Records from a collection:

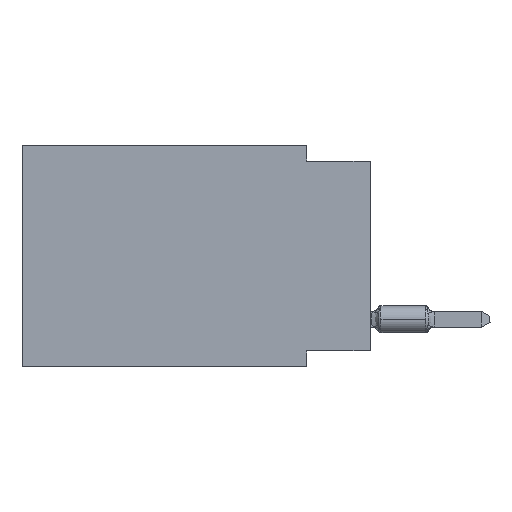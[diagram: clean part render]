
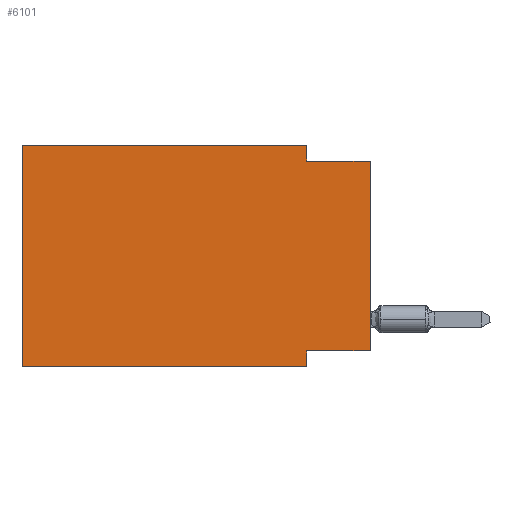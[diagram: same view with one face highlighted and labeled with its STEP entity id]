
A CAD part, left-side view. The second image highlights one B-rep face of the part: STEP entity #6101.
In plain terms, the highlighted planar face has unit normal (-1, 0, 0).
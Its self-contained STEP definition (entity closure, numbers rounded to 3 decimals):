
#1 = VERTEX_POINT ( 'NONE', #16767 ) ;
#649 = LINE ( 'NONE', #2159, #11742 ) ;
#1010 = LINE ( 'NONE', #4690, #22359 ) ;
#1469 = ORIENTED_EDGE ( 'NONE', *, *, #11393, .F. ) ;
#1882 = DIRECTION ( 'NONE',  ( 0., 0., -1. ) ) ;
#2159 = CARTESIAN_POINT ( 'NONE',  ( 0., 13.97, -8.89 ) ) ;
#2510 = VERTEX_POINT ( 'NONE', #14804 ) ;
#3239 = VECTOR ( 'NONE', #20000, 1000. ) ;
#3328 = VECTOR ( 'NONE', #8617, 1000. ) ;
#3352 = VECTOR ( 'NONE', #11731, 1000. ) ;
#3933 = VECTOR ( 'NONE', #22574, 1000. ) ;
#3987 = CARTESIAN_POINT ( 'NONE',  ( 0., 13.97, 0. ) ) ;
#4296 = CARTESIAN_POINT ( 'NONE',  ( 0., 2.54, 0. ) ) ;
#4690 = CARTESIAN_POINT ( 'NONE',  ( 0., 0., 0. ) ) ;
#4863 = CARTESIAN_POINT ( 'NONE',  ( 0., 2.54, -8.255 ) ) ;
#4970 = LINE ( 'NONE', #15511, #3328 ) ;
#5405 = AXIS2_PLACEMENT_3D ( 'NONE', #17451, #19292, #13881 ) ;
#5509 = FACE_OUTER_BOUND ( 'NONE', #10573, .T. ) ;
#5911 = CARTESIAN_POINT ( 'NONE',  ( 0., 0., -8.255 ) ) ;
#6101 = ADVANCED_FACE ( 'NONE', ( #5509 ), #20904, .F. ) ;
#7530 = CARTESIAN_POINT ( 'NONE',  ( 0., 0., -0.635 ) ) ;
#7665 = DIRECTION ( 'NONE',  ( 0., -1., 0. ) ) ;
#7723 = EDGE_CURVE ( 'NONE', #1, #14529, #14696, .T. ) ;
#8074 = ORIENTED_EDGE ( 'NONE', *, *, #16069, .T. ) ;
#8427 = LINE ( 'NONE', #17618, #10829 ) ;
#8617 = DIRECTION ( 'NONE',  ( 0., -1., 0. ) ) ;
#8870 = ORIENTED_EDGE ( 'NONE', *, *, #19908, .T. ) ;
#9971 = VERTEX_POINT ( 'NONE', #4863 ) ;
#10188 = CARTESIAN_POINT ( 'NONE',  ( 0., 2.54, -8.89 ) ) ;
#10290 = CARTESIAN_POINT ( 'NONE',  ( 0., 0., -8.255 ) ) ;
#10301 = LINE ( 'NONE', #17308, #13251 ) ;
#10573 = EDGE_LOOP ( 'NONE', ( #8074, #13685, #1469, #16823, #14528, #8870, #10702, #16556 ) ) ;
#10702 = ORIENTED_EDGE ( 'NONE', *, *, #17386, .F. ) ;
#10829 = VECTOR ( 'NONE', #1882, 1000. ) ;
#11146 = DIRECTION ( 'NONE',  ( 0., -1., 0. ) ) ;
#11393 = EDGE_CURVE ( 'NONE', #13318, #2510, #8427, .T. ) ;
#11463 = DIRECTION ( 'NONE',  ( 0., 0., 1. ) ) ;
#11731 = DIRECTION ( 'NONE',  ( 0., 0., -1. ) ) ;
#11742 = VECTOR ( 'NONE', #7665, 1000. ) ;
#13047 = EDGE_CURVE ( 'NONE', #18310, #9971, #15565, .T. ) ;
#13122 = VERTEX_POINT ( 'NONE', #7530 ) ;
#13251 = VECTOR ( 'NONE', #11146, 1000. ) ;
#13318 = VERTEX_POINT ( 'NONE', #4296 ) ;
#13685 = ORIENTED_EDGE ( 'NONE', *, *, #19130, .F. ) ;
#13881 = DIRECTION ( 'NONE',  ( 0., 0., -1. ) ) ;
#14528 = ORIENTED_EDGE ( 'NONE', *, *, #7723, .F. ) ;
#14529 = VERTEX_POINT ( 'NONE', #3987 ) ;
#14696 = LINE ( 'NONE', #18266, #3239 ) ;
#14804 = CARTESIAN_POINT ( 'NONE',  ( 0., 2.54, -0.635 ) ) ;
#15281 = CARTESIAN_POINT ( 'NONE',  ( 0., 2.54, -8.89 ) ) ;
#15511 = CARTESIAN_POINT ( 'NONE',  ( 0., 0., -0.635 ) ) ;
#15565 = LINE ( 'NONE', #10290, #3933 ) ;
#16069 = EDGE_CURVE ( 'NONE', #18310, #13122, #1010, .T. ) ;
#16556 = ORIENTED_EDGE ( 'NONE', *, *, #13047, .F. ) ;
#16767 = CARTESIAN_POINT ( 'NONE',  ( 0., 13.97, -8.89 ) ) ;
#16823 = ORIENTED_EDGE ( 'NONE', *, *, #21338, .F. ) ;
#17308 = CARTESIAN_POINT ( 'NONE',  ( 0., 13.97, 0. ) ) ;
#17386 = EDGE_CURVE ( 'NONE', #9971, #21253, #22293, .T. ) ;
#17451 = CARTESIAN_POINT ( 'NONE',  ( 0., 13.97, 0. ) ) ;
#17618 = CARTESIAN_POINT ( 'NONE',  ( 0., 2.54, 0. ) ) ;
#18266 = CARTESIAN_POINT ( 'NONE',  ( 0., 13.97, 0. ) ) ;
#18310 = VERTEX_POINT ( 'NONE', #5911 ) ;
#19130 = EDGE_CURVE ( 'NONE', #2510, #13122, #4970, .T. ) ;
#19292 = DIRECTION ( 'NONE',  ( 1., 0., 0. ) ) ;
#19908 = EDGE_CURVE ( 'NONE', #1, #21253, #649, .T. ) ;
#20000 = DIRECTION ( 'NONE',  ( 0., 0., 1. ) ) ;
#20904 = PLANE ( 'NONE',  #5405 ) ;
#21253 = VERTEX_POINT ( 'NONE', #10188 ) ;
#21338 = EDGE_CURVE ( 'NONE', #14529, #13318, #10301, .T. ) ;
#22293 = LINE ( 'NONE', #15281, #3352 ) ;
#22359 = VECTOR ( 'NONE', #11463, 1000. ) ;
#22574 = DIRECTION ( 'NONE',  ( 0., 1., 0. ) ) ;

Brief:
Only the lines from the start of the records through the line containing "#3239 = VECTOR ( 'NONE', #20000, 1000. ) ;" should be repeated, word for word, with the pictures left out.

Exercise answer:
[diagram: clean part render]
[diagram: same view with one face highlighted and labeled with its STEP entity id]
A CAD part, left-side view. The second image highlights one B-rep face of the part: STEP entity #6101.
In plain terms, the highlighted planar face has unit normal (-1, 0, 0).
Its self-contained STEP definition (entity closure, numbers rounded to 3 decimals):
#1 = VERTEX_POINT ( 'NONE', #16767 ) ;
#649 = LINE ( 'NONE', #2159, #11742 ) ;
#1010 = LINE ( 'NONE', #4690, #22359 ) ;
#1469 = ORIENTED_EDGE ( 'NONE', *, *, #11393, .F. ) ;
#1882 = DIRECTION ( 'NONE',  ( 0., 0., -1. ) ) ;
#2159 = CARTESIAN_POINT ( 'NONE',  ( 0., 13.97, -8.89 ) ) ;
#2510 = VERTEX_POINT ( 'NONE', #14804 ) ;
#3239 = VECTOR ( 'NONE', #20000, 1000. ) ;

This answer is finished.